Am 3. November 2016 hebt der Kassationsgerichtshof das Berufungsurteil auf. Er erinnert daran, dass Verteidigungsmittel zur Sache (Einwände, die das Recht der Gegenpartei selbst bestreiten) in jedem Verfahrensstadium, auch in der Berufung, geltend gemacht werden können. Die Tatsache, eine Kündigung unter Verweigerung der Verlängerung ausgesprochen zu haben, hindert den Vermieter nicht daran, die Anwendung des Status anzufechten. Das Estoppel-Prinzip kann nicht herangezogen werden, um ein Verteidigungsmittel zur Sache auszuschließen.
Die Begründung des Gerichts – entschlüsselt
Artikel 72 der Zivilprozessordnung bestimmt, dass „Verteidigungsmittel zur Sache in jedem Verfahrensstadium vorgebracht werden können“. Ein Verteidigungsmittel zur Sache ist ein Einwand, der darauf abzielt, das gegnerische Begehren als unbegründet zurückzuweisen. Hier bestritt der Vermieter die Anwendung des Status der gewerblichen Mietverhältnisse, was ein Verteidigungsmittel zur Sache darstellt: Wenn der Status nicht anwendbar ist, ist der Anspruch auf Entschädigung für die Räumung unbegründet. Der Kassationsgerichtshof erinnert daran, dass diese Art von Verteidigungsmittel jederzeit, auch in der Berufung, erhoben werden kann und dass das Estoppel-Prinzip (das aus dem englischen Recht stammt und es verbietet, sich zu widersprechen) dem nicht entgegensteht. Estoppel ist eine Verfahrensregel, die eine nachteilige Änderung der Position sanktionieren soll, kann aber nicht über eine gesetzliche Regel triumphieren, die das Verteidigungsmittel zur Sache zulässt.
Kurz gesagt bedeutet dies, dass die Tatsache, eine Kündigung unter Verweigerung der Verlängerung ausgesprochen und eine Entschädigung angeboten zu haben, keine endgültige Anerkennung der Anwendung des Status darstellt. Der Vermieter kann jederzeit bis zum rechtskräftigen Urteil auf diese Position zurückkommen. Vorsicht jedoch: Der Kassationsgerichtshof sagt nicht, dass der Vermieter recht hat, er sagt nur, dass seine Anfechtung zulässig ist. Die Sache selbst muss vom Berufungsgericht nach Zurückverweisung geprüft werden.

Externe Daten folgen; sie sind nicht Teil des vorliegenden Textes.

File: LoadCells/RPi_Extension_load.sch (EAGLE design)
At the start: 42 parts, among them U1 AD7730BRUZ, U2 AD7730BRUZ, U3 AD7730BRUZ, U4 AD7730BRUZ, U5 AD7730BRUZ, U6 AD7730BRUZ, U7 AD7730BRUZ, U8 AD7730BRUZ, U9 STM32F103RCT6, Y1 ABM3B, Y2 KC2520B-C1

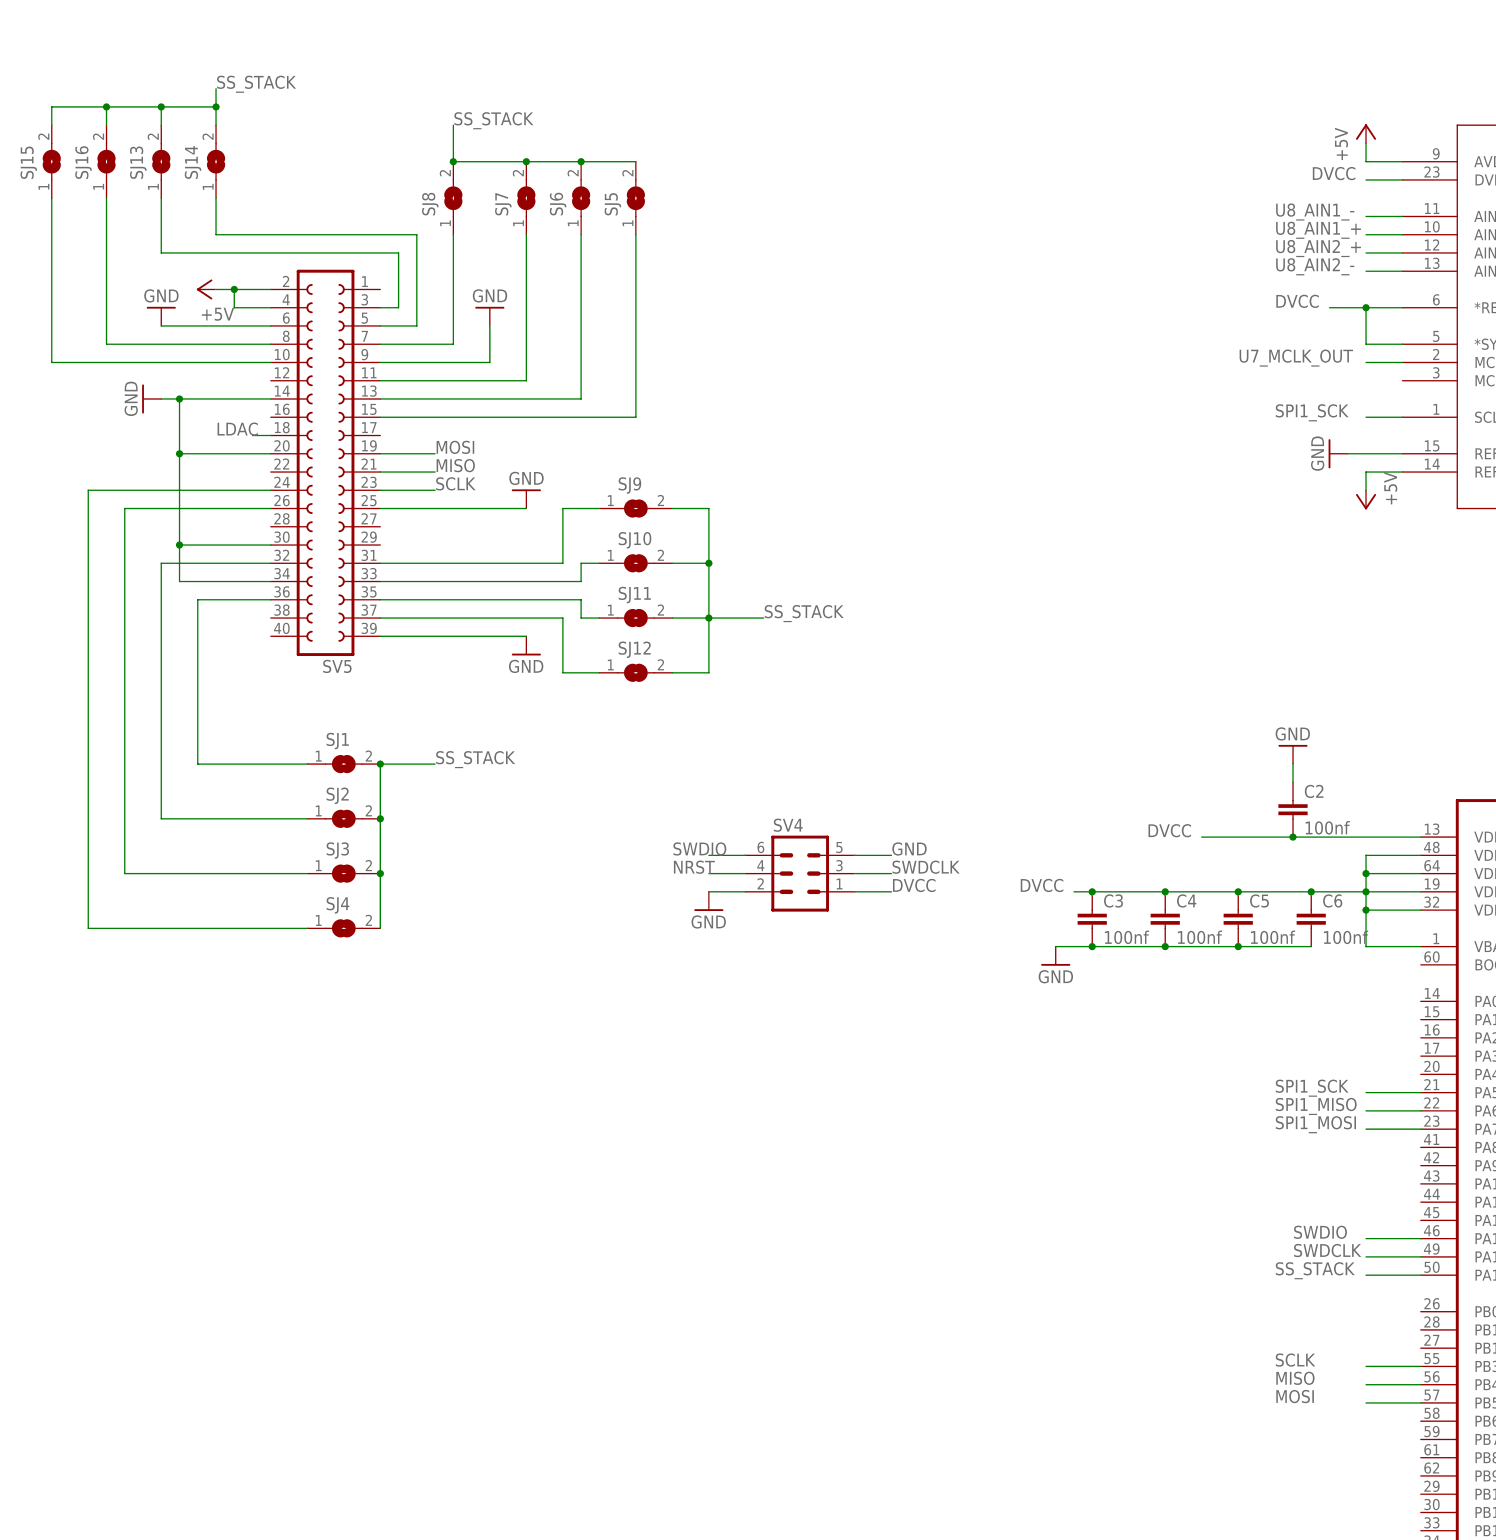
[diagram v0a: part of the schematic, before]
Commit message: cleaned up silklayer of load cell board
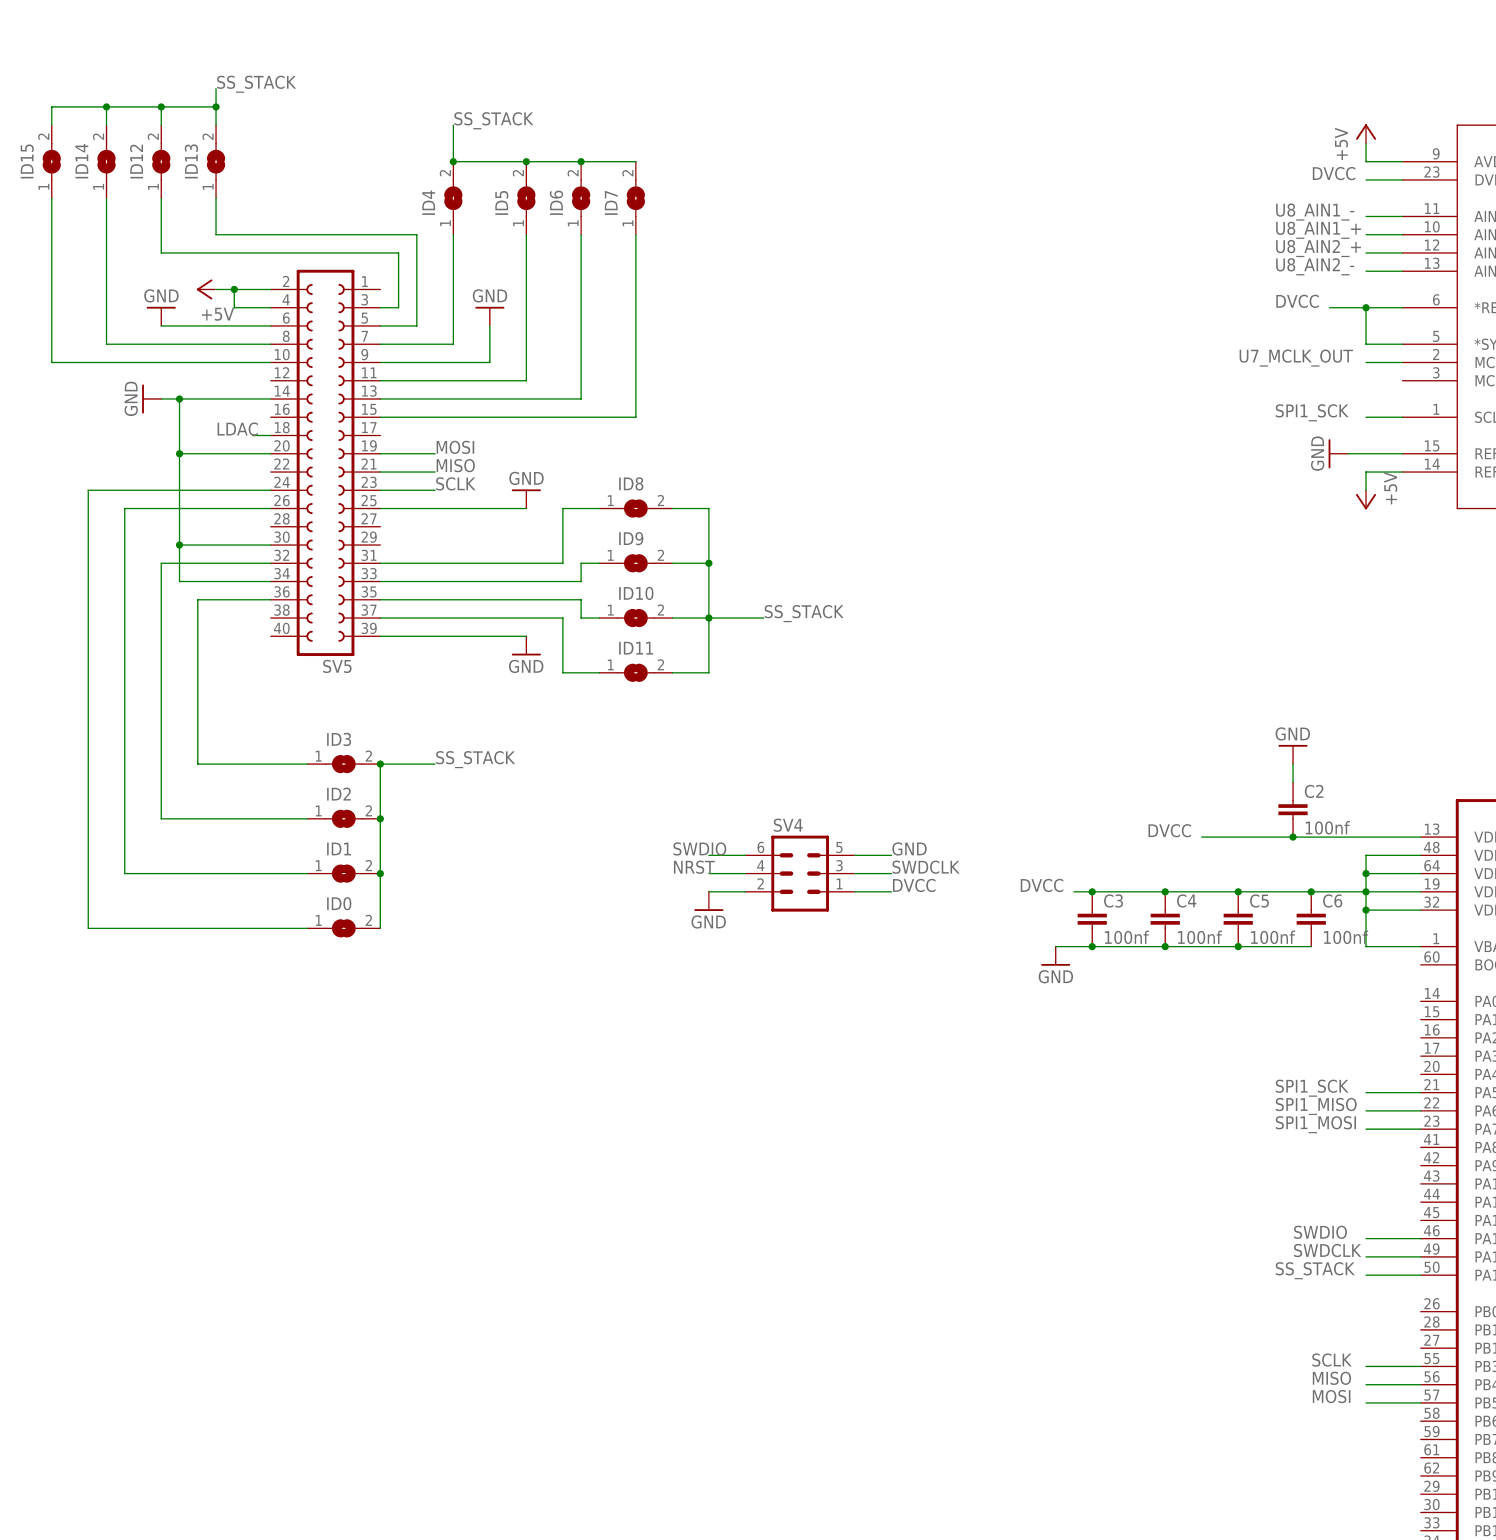
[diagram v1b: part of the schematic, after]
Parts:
- renumbered SJ1 to ID3, SJ10 to ID9, SJ11 to ID10, SJ12 to ID11, SJ13 to ID12, SJ14 to ID13, SJ15 to ID15, SJ16 to ID14, SJ2 to ID2, SJ3 to ID1, SJ4 to ID0, SJ5 to ID7, SJ6 to ID6, SJ7 to ID5, SJ8 to ID4, SJ9 to ID8

Was nur wenige wissen: Diese Entscheidung fügt sich in eine breitere Rechtsprechung ein, die die Freiheit der Parteien begünstigt, Verteidigungsmittel, auch verspätete, vorzubringen, sofern sie die Sache selbst betreffen. Die Tatsacheninstanzen dürfen sie nicht mit der Begründung zurückweisen, sie stünden im Widerspruch zu einer früheren Position.
Was das für Sie konkret ändert
Für Vermieter: Wenn Sie sich in einem Verfahren zur Festsetzung der Entschädigung für die Räumung befinden und glauben, dass Ihr Mietvertrag nicht dem Status unterliegt, können Sie diesen Einwand auch nach Ausspruch einer Kündigung erheben. Beispielsweise kann ein Eigentümer in Cagnes-sur-Mer, der ein Lokal für 2 Jahre mit einem prekären Mietvertrag (Abweichung vom Status) vermietet hat und versehentlich eine Kündigung mit Angebot einer Entschädigung ausgesprochen hat, die Anwendung des Status während des Verfahrens anfechten.